I wish to be able to retrieve a string concatenation of data based on it's ID.
For example, given the id c554b8ce-c873-4fef-b306-ec65d2f40394, and the id 8d8f8a61-02d6-4d3e-9912-9ebb5d213c15, I would like to retrieve some text other text.
These IDs repeat in other documents of the same type with different data.

If this is not possible (which I suspect this is the case), I would like to at least retrieve a partial array containing my requested data.
Those arrays can become large (and so is the number of documents) and I would only need one or two elements from each hit.

If both my requests are not possible, how would you suggest changing my mappings in order to facilitate my needs?

Thanks in advance, Jonathan.

Jony Adamit · Accepted Answer · 2015-05-19 08:44:40Z

3

I have found a way to do exactly what I needed without changing my data structure.
(I actually did end up changing my data structure, but for reasons of space and efficiency).

All you have to do is enjoy the groovy goodness ElasticSearch has to offer:

{
    "query" : { "term" : { "otherID" : "b4c95332-daed-49ae-99fe-c32482696d1c" } },
    "script_fields" : { "requestedFields" : { "script" :  "_source.data.findAll({ it.iD == 'c554b8ce-c873-4fef-b306-ec65d2f40394' || it.iD == '8d8f8a61-02d6-4d3e-9912-9ebb5d213c15'}) data.join(' ') " } }
}

Just goes to show how strong ElasticSearch really is.

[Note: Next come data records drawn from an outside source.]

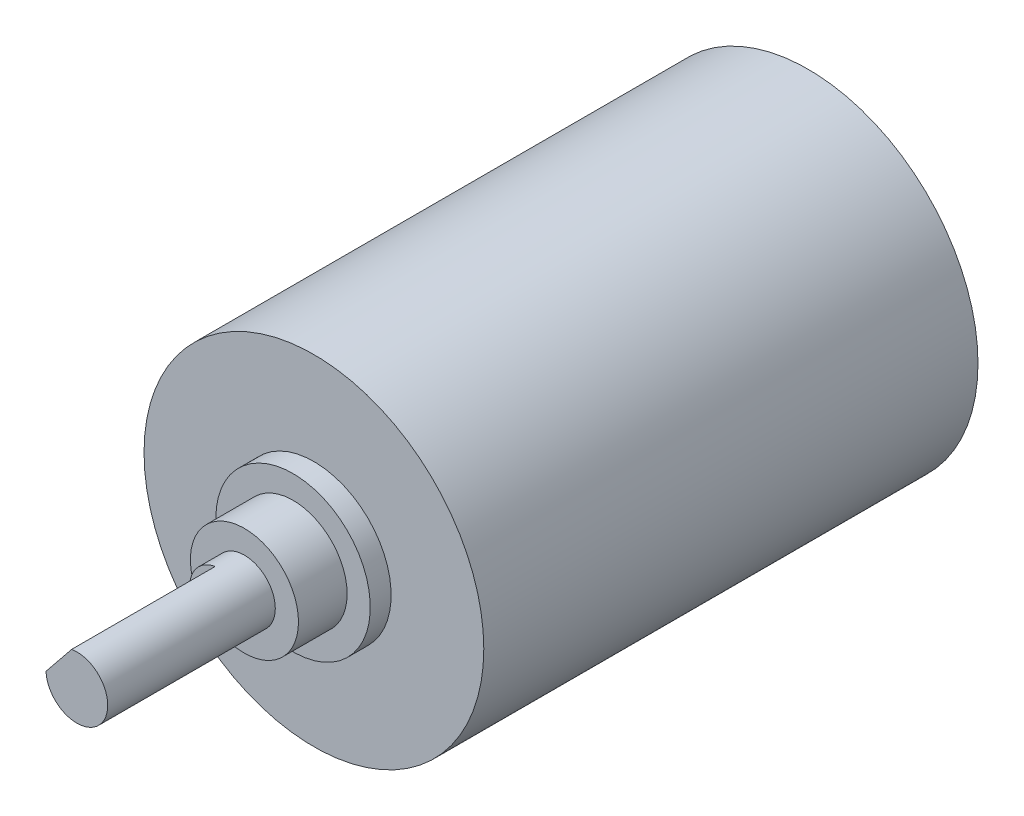
ISO-10303-21;
HEADER;
FILE_DESCRIPTION(('STEP AP214'),'2;1');
FILE_NAME('part.step','',(''),(''),'','','');
FILE_SCHEMA(('AUTOMOTIVE_DESIGN { 1 0 10303 214 1 1 1 1 }'));
ENDSEC;
DATA;
#1=APPLICATION_CONTEXT('core data for automotive mechanical design processes');
#2=APPLICATION_PROTOCOL_DEFINITION('international standard','automotive_design',2000,#1);
#3=PRODUCT_CONTEXT('',#1,'mechanical');
#4=PRODUCT('Part','Part','',(#3));
#5=PRODUCT_RELATED_PRODUCT_CATEGORY('part','',(#4));
#6=PRODUCT_DEFINITION_FORMATION('','',#4);
#7=PRODUCT_DEFINITION_CONTEXT('part definition',#1,'design');
#8=PRODUCT_DEFINITION('design','',#6,#7);
#9=PRODUCT_DEFINITION_SHAPE('','',#8);
#10=(LENGTH_UNIT() NAMED_UNIT(*) SI_UNIT(.MILLI.,.METRE.));
#11=(NAMED_UNIT(*) PLANE_ANGLE_UNIT() SI_UNIT($,.RADIAN.));
#12=(NAMED_UNIT(*) SI_UNIT($,.STERADIAN.) SOLID_ANGLE_UNIT());
#13=UNCERTAINTY_MEASURE_WITH_UNIT(LENGTH_MEASURE(1.E-05),#10,'distance_accuracy_value','');
#14=(GEOMETRIC_REPRESENTATION_CONTEXT(3) GLOBAL_UNCERTAINTY_ASSIGNED_CONTEXT((#13)) GLOBAL_UNIT_ASSIGNED_CONTEXT((#10,
#11,#12)) REPRESENTATION_CONTEXT('',''));
#15=CARTESIAN_POINT('',(0.,0.,0.));
#16=DIRECTION('',(0.,0.,1.));
#17=DIRECTION('',(1.,0.,0.));
#18=AXIS2_PLACEMENT_3D('',#15,#16,#17);
#19=CARTESIAN_POINT('',(0.,0.,32.));
#20=DIRECTION('',(0.,0.,-1.));
#21=DIRECTION('',(-1.,0.,0.));
#22=AXIS2_PLACEMENT_3D('',#19,#20,#21);
#23=CYLINDRICAL_SURFACE('',#22,11.);
#24=CARTESIAN_POINT('',(0.,0.,32.));
#25=DIRECTION('',(0.,0.,1.));
#26=DIRECTION('',(1.,0.,0.));
#27=AXIS2_PLACEMENT_3D('',#24,#25,#26);
#28=CIRCLE('',#27,11.);
#29=CARTESIAN_POINT('',(11.,0.,32.));
#30=VERTEX_POINT('',#29);
#31=EDGE_CURVE('E101',#30,#30,#28,.T.);
#32=ORIENTED_EDGE('',*,*,#31,.F.);
#33=EDGE_LOOP('',(#32));
#34=FACE_BOUND('',#33,.T.);
#35=CARTESIAN_POINT('',(0.,0.,0.));
#36=DIRECTION('',(0.,0.,1.));
#37=DIRECTION('',(1.,0.,0.));
#38=AXIS2_PLACEMENT_3D('',#35,#36,#37);
#39=CIRCLE('',#38,11.);
#40=CARTESIAN_POINT('',(11.,0.,0.));
#41=VERTEX_POINT('',#40);
#42=EDGE_CURVE('E42',#41,#41,#39,.T.);
#43=ORIENTED_EDGE('',*,*,#42,.T.);
#44=EDGE_LOOP('',(#43));
#45=FACE_BOUND('',#44,.T.);
#46=ADVANCED_FACE('F39',(#34,#45),#23,.T.);
#47=CARTESIAN_POINT('',(0.,0.,32.));
#48=DIRECTION('',(0.,0.,1.));
#49=DIRECTION('',(1.,0.,0.));
#50=AXIS2_PLACEMENT_3D('',#47,#48,#49);
#51=PLANE('',#50);
#52=CARTESIAN_POINT('',(0.,0.,32.));
#53=DIRECTION('',(0.,0.,1.));
#54=DIRECTION('',(1.,0.,0.));
#55=AXIS2_PLACEMENT_3D('',#52,#53,#54);
#56=CIRCLE('',#55,5.);
#57=CARTESIAN_POINT('',(-5.,0.,32.));
#58=VERTEX_POINT('',#57);
#59=EDGE_CURVE('E95',#58,#58,#56,.T.);
#60=ORIENTED_EDGE('',*,*,#59,.F.);
#61=EDGE_LOOP('',(#60));
#62=FACE_BOUND('',#61,.T.);
#63=ORIENTED_EDGE('',*,*,#31,.T.);
#64=EDGE_LOOP('',(#63));
#65=FACE_BOUND('',#64,.T.);
#66=ADVANCED_FACE('F114',(#62,#65),#51,.T.);
#67=CARTESIAN_POINT('',(0.,0.,0.));
#68=DIRECTION('',(0.,0.,1.));
#69=DIRECTION('',(1.,0.,0.));
#70=AXIS2_PLACEMENT_3D('',#67,#68,#69);
#71=PLANE('',#70);
#72=ORIENTED_EDGE('',*,*,#42,.F.);
#73=EDGE_LOOP('',(#72));
#74=FACE_BOUND('',#73,.T.);
#75=ADVANCED_FACE('F111',(#74),#71,.F.);
#76=CARTESIAN_POINT('',(0.,0.,33.35));
#77=DIRECTION('',(0.,0.,-1.));
#78=DIRECTION('',(-1.,0.,0.));
#79=AXIS2_PLACEMENT_3D('',#76,#77,#78);
#80=CYLINDRICAL_SURFACE('',#79,5.);
#81=CARTESIAN_POINT('',(0.,0.,33.35));
#82=DIRECTION('',(0.,0.,1.));
#83=DIRECTION('',(1.,0.,0.));
#84=AXIS2_PLACEMENT_3D('',#81,#82,#83);
#85=CIRCLE('',#84,5.);
#86=CARTESIAN_POINT('',(-5.,0.,33.35));
#87=VERTEX_POINT('',#86);
#88=EDGE_CURVE('E88',#87,#87,#85,.T.);
#89=CARTESIAN_POINT('',(-5.,0.,33.35));
#90=CARTESIAN_POINT('',(-5.,0.,33.3359375));
#91=CARTESIAN_POINT('',(-5.,0.,33.321875));
#92=CARTESIAN_POINT('',(-5.,0.,33.29375));
#93=CARTESIAN_POINT('',(-5.,0.,33.2796875));
#94=CARTESIAN_POINT('',(-5.,0.,33.2515625));
#95=CARTESIAN_POINT('',(-5.,0.,33.2375));
#96=CARTESIAN_POINT('',(-5.,0.,33.209375));
#97=CARTESIAN_POINT('',(-5.,0.,33.1953125));
#98=CARTESIAN_POINT('',(-5.,0.,33.1671875));
#99=CARTESIAN_POINT('',(-5.,0.,33.153125));
#100=CARTESIAN_POINT('',(-5.,0.,33.125));
#101=CARTESIAN_POINT('',(-5.,0.,33.1109375));
#102=CARTESIAN_POINT('',(-5.,0.,33.0828125));
#103=CARTESIAN_POINT('',(-5.,0.,33.06875));
#104=CARTESIAN_POINT('',(-5.,0.,33.040625));
#105=CARTESIAN_POINT('',(-5.,0.,33.0265625));
#106=CARTESIAN_POINT('',(-5.,0.,32.9984375));
#107=CARTESIAN_POINT('',(-5.,0.,32.984375));
#108=CARTESIAN_POINT('',(-5.,0.,32.95625));
#109=CARTESIAN_POINT('',(-5.,0.,32.9421875));
#110=CARTESIAN_POINT('',(-5.,0.,32.9140625));
#111=CARTESIAN_POINT('',(-5.,0.,32.9));
#112=CARTESIAN_POINT('',(-5.,0.,32.871875));
#113=CARTESIAN_POINT('',(-5.,0.,32.8578125));
#114=CARTESIAN_POINT('',(-5.,0.,32.8296875));
#115=CARTESIAN_POINT('',(-5.,0.,32.815625));
#116=CARTESIAN_POINT('',(-5.,0.,32.7875));
#117=CARTESIAN_POINT('',(-5.,0.,32.7734375));
#118=CARTESIAN_POINT('',(-5.,0.,32.7453125));
#119=CARTESIAN_POINT('',(-5.,0.,32.73125));
#120=CARTESIAN_POINT('',(-5.,0.,32.703125));
#121=CARTESIAN_POINT('',(-5.,0.,32.6890625));
#122=CARTESIAN_POINT('',(-5.,0.,32.6609375));
#123=CARTESIAN_POINT('',(-5.,0.,32.646875));
#124=CARTESIAN_POINT('',(-5.,0.,32.61875));
#125=CARTESIAN_POINT('',(-5.,0.,32.6046875));
#126=CARTESIAN_POINT('',(-5.,0.,32.5765625));
#127=CARTESIAN_POINT('',(-5.,0.,32.5625));
#128=CARTESIAN_POINT('',(-5.,0.,32.534375));
#129=CARTESIAN_POINT('',(-5.,0.,32.5203125));
#130=CARTESIAN_POINT('',(-5.,0.,32.4921875));
#131=CARTESIAN_POINT('',(-5.,0.,32.478125));
#132=CARTESIAN_POINT('',(-5.,0.,32.45));
#133=CARTESIAN_POINT('',(-5.,0.,32.4359375));
#134=CARTESIAN_POINT('',(-5.,0.,32.4078125));
#135=CARTESIAN_POINT('',(-5.,0.,32.39375));
#136=CARTESIAN_POINT('',(-5.,0.,32.365625));
#137=CARTESIAN_POINT('',(-5.,0.,32.3515625));
#138=CARTESIAN_POINT('',(-5.,0.,32.3234375));
#139=CARTESIAN_POINT('',(-5.,0.,32.309375));
#140=CARTESIAN_POINT('',(-5.,0.,32.28125));
#141=CARTESIAN_POINT('',(-5.,0.,32.2671875));
#142=CARTESIAN_POINT('',(-5.,0.,32.2390625));
#143=CARTESIAN_POINT('',(-5.,0.,32.225));
#144=CARTESIAN_POINT('',(-5.,0.,32.196875));
#145=CARTESIAN_POINT('',(-5.,0.,32.1828125));
#146=CARTESIAN_POINT('',(-5.,0.,32.1546875));
#147=CARTESIAN_POINT('',(-5.,0.,32.140625));
#148=CARTESIAN_POINT('',(-5.,0.,32.1125));
#149=CARTESIAN_POINT('',(-5.,0.,32.0984375));
#150=CARTESIAN_POINT('',(-5.,0.,32.0703125));
#151=CARTESIAN_POINT('',(-5.,0.,32.05625));
#152=CARTESIAN_POINT('',(-5.,0.,32.028125));
#153=CARTESIAN_POINT('',(-5.,0.,32.0140625));
#154=CARTESIAN_POINT('',(-5.,0.,32.));
#155=B_SPLINE_CURVE_WITH_KNOTS('',3,(#89,#90,#91,#92,#93,#94,#95,#96,#97,#98,#99,#100,#101,#102,
#103,#104,#105,#106,#107,#108,#109,#110,#111,#112,#113,#114,#115,#116,#117,#118,#119,#120,#121,
#122,#123,#124,#125,#126,#127,#128,#129,#130,#131,#132,#133,#134,#135,#136,#137,#138,#139,#140,
#141,#142,#143,#144,#145,#146,#147,#148,#149,#150,#151,#152,#153,#154),.UNSPECIFIED.,.F.,.F.,(4,
2,2,2,2,2,2,2,2,2,2,2,2,2,2,2,2,2,2,2,2,2,2,2,2,2,2,2,2,2,2,2,4),(0.,0.0421874999999988,
0.0843749999999976,0.126562499999996,0.168749999999995,0.210937499999994,0.253124999999993,
0.295312499999999,0.337499999999998,0.379687499999996,0.421874999999995,0.464062499999994,
0.506249999999993,0.548437499999999,0.590624999999997,0.632812499999996,0.674999999999995,
0.717187499999994,0.759374999999993,0.801562499999992,0.843749999999997,0.885937499999996,
0.928124999999995,0.970312499999994,1.01249999999999,1.05468749999999,1.096875,1.1390625,
1.18124999999999,1.22343749999999,1.26562499999999,1.30781249999999,1.35),.UNSPECIFIED.);
#156=EDGE_CURVE('BSEAM113',#87,#58,#155,.T.);
#157=ORIENTED_EDGE('',*,*,#88,.F.);
#158=ORIENTED_EDGE('',*,*,#59,.T.);
#159=ORIENTED_EDGE('',*,*,#156,.T.);
#160=ORIENTED_EDGE('',*,*,#156,.F.);
#161=EDGE_LOOP('',(#157,#159,#158,#160));
#162=FACE_BOUND('',#161,.T.);
#163=ADVANCED_FACE('F113',(#162),#80,.T.);
#164=CARTESIAN_POINT('',(0.,0.,33.35));
#165=DIRECTION('',(0.,0.,1.));
#166=DIRECTION('',(1.,0.,0.));
#167=AXIS2_PLACEMENT_3D('',#164,#165,#166);
#168=PLANE('',#167);
#169=CARTESIAN_POINT('',(0.,0.,33.35));
#170=DIRECTION('',(0.,0.,1.));
#171=DIRECTION('',(1.,0.,0.));
#172=AXIS2_PLACEMENT_3D('',#169,#170,#171);
#173=CIRCLE('',#172,3.5);
#174=CARTESIAN_POINT('',(3.5,0.,33.35));
#175=VERTEX_POINT('',#174);
#176=EDGE_CURVE('E48',#175,#175,#173,.T.);
#177=ORIENTED_EDGE('',*,*,#176,.F.);
#178=EDGE_LOOP('',(#177));
#179=FACE_BOUND('',#178,.T.);
#180=ORIENTED_EDGE('',*,*,#88,.T.);
#181=EDGE_LOOP('',(#180));
#182=FACE_BOUND('',#181,.T.);
#183=ADVANCED_FACE('F119',(#179,#182),#168,.T.);
#184=CARTESIAN_POINT('',(0.,0.,36.5));
#185=DIRECTION('',(0.,0.,-1.));
#186=DIRECTION('',(-1.,0.,0.));
#187=AXIS2_PLACEMENT_3D('',#184,#185,#186);
#188=CYLINDRICAL_SURFACE('',#187,3.5);
#189=CARTESIAN_POINT('',(0.,0.,36.5));
#190=DIRECTION('',(0.,0.,1.));
#191=DIRECTION('',(1.,0.,0.));
#192=AXIS2_PLACEMENT_3D('',#189,#190,#191);
#193=CIRCLE('',#192,3.5);
#194=CARTESIAN_POINT('',(3.5,0.,36.5));
#195=VERTEX_POINT('',#194);
#196=EDGE_CURVE('E84',#195,#195,#193,.T.);
#197=ORIENTED_EDGE('',*,*,#196,.F.);
#198=EDGE_LOOP('',(#197));
#199=FACE_BOUND('',#198,.T.);
#200=ORIENTED_EDGE('',*,*,#176,.T.);
#201=EDGE_LOOP('',(#200));
#202=FACE_BOUND('',#201,.T.);
#203=ADVANCED_FACE('F149',(#199,#202),#188,.T.);
#204=CARTESIAN_POINT('',(0.,0.,36.5));
#205=DIRECTION('',(0.,0.,1.));
#206=DIRECTION('',(1.,0.,0.));
#207=AXIS2_PLACEMENT_3D('',#204,#205,#206);
#208=PLANE('',#207);
#209=CARTESIAN_POINT('',(0.,0.,36.5));
#210=DIRECTION('',(0.,0.,1.));
#211=DIRECTION('',(1.,0.,0.));
#212=AXIS2_PLACEMENT_3D('',#209,#210,#211);
#213=CIRCLE('',#212,2.);
#214=CARTESIAN_POINT('',(2.,0.,36.5));
#215=VERTEX_POINT('',#214);
#216=EDGE_CURVE('E11',#215,#215,#213,.T.);
#217=ORIENTED_EDGE('',*,*,#216,.F.);
#218=EDGE_LOOP('',(#217));
#219=FACE_BOUND('',#218,.T.);
#220=ORIENTED_EDGE('',*,*,#196,.T.);
#221=EDGE_LOOP('',(#220));
#222=FACE_BOUND('',#221,.T.);
#223=ADVANCED_FACE('F159',(#219,#222),#208,.T.);
#224=CARTESIAN_POINT('',(0.,0.,47.35));
#225=DIRECTION('',(0.,0.,-1.));
#226=DIRECTION('',(-1.,0.,0.));
#227=AXIS2_PLACEMENT_3D('',#224,#225,#226);
#228=CYLINDRICAL_SURFACE('',#227,2.);
#229=CARTESIAN_POINT('',(0.,0.,47.35));
#230=DIRECTION('',(0.,0.,1.));
#231=DIRECTION('',(1.,0.,0.));
#232=AXIS2_PLACEMENT_3D('',#229,#230,#231);
#233=CIRCLE('',#232,2.);
#234=CARTESIAN_POINT('',(-1.99802063006399,-0.088958202762341,47.35));
#235=VERTEX_POINT('',#234);
#236=CARTESIAN_POINT('',(-0.338013059353659,1.97122986272691,47.35));
#237=VERTEX_POINT('',#236);
#238=EDGE_CURVE('E79',#235,#237,#233,.T.);
#239=ORIENTED_EDGE('',*,*,#238,.F.);
#240=DIRECTION('',(0.,0.,1.));
#241=VECTOR('',#240,1.);
#242=CARTESIAN_POINT('',(-1.99802063006399,-0.0889582027623414,38.05));
#243=LINE('',#242,#241);
#244=CARTESIAN_POINT('',(-1.99802063006399,-0.0889582027623414,38.05));
#245=VERTEX_POINT('',#244);
#246=EDGE_CURVE('E56',#245,#235,#243,.T.);
#247=ORIENTED_EDGE('',*,*,#246,.F.);
#248=CARTESIAN_POINT('',(0.,0.,38.05));
#249=DIRECTION('',(0.,0.,1.));
#250=DIRECTION('',(1.,0.,0.));
#251=AXIS2_PLACEMENT_3D('',#248,#249,#250);
#252=CIRCLE('',#251,2.);
#253=CARTESIAN_POINT('',(-0.338013059353659,1.97122986272691,38.05));
#254=VERTEX_POINT('',#253);
#255=EDGE_CURVE('E73',#254,#245,#252,.T.);
#256=ORIENTED_EDGE('',*,*,#255,.F.);
#257=DIRECTION('',(0.,0.,1.));
#258=VECTOR('',#257,1.);
#259=CARTESIAN_POINT('',(-0.338013059353659,1.97122986272691,38.05));
#260=LINE('',#259,#258);
#261=EDGE_CURVE('E62',#254,#237,#260,.T.);
#262=ORIENTED_EDGE('',*,*,#261,.T.);
#263=EDGE_LOOP('',(#239,#247,#256,#262));
#264=FACE_BOUND('',#263,.T.);
#265=ORIENTED_EDGE('',*,*,#216,.T.);
#266=EDGE_LOOP('',(#265));
#267=FACE_BOUND('',#266,.T.);
#268=ADVANCED_FACE('F77',(#264,#267),#228,.T.);
#269=CARTESIAN_POINT('',(0.,0.,47.35));
#270=DIRECTION('',(0.,0.,1.));
#271=DIRECTION('',(1.,0.,0.));
#272=AXIS2_PLACEMENT_3D('',#269,#270,#271);
#273=PLANE('',#272);
#274=DIRECTION('',(0.627423886654858,0.778677896472548,0.));
#275=VECTOR('',#274,1.);
#276=CARTESIAN_POINT('',(-0.338013059353659,1.97122986272691,47.35));
#277=LINE('',#276,#275);
#278=EDGE_CURVE('E67',#235,#237,#277,.T.);
#279=ORIENTED_EDGE('',*,*,#278,.F.);
#280=ORIENTED_EDGE('',*,*,#238,.T.);
#281=EDGE_LOOP('',(#279,#280));
#282=FACE_BOUND('',#281,.T.);
#283=ADVANCED_FACE('F82',(#282),#273,.T.);
#284=CARTESIAN_POINT('',(-0.338013059353659,1.97122986272691,38.05));
#285=DIRECTION('',(0.778677896472548,-0.627423886654858,0.));
#286=DIRECTION('',(0.627423886654858,0.778677896472548,0.));
#287=AXIS2_PLACEMENT_3D('',#284,#285,#286);
#288=PLANE('',#287);
#289=ORIENTED_EDGE('',*,*,#278,.T.);
#290=ORIENTED_EDGE('',*,*,#261,.F.);
#291=DIRECTION('',(0.627423886654858,0.778677896472548,0.));
#292=VECTOR('',#291,1.);
#293=CARTESIAN_POINT('',(-0.338013059353659,1.97122986272691,38.05));
#294=LINE('',#293,#292);
#295=EDGE_CURVE('E207',#245,#254,#294,.T.);
#296=ORIENTED_EDGE('',*,*,#295,.F.);
#297=ORIENTED_EDGE('',*,*,#246,.T.);
#298=EDGE_LOOP('',(#289,#290,#296,#297));
#299=FACE_BOUND('',#298,.T.);
#300=ADVANCED_FACE('F68',(#299),#288,.F.);
#301=CARTESIAN_POINT('',(0.,0.,38.05));
#302=DIRECTION('',(0.,0.,1.));
#303=DIRECTION('',(1.,0.,0.));
#304=AXIS2_PLACEMENT_3D('',#301,#302,#303);
#305=PLANE('',#304);
#306=ORIENTED_EDGE('',*,*,#255,.T.);
#307=ORIENTED_EDGE('',*,*,#295,.T.);
#308=EDGE_LOOP('',(#306,#307));
#309=FACE_BOUND('',#308,.T.);
#310=ADVANCED_FACE('F194',(#309),#305,.T.);
#311=CLOSED_SHELL('',(#46,#66,#75,#163,#183,#203,#223,#268,#283,#300,#310));
#312=MANIFOLD_SOLID_BREP('B2',#311);
#313=ADVANCED_BREP_SHAPE_REPRESENTATION('',(#18,#312),#14);
#314=SHAPE_DEFINITION_REPRESENTATION(#9,#313);
ENDSEC;
END-ISO-10303-21;

answered May 19, 2015 at 8:44

Jony Adamit

3,44641 silver badges46 bronze badges

Sign up to request clarification or add additional context in comments.

Comments

mark · Accepted Answer · 2015-05-17 14:51:36Z

I cannot help you with the field concatenation (maybe it's possible with scripting but I'm not experienced enough with it. I would assume a new field would have to be generated, etc.) but how to only retrieve the partial data.

It requires at least ES 1.5 because it uses inner_hits and you need to change the mapping.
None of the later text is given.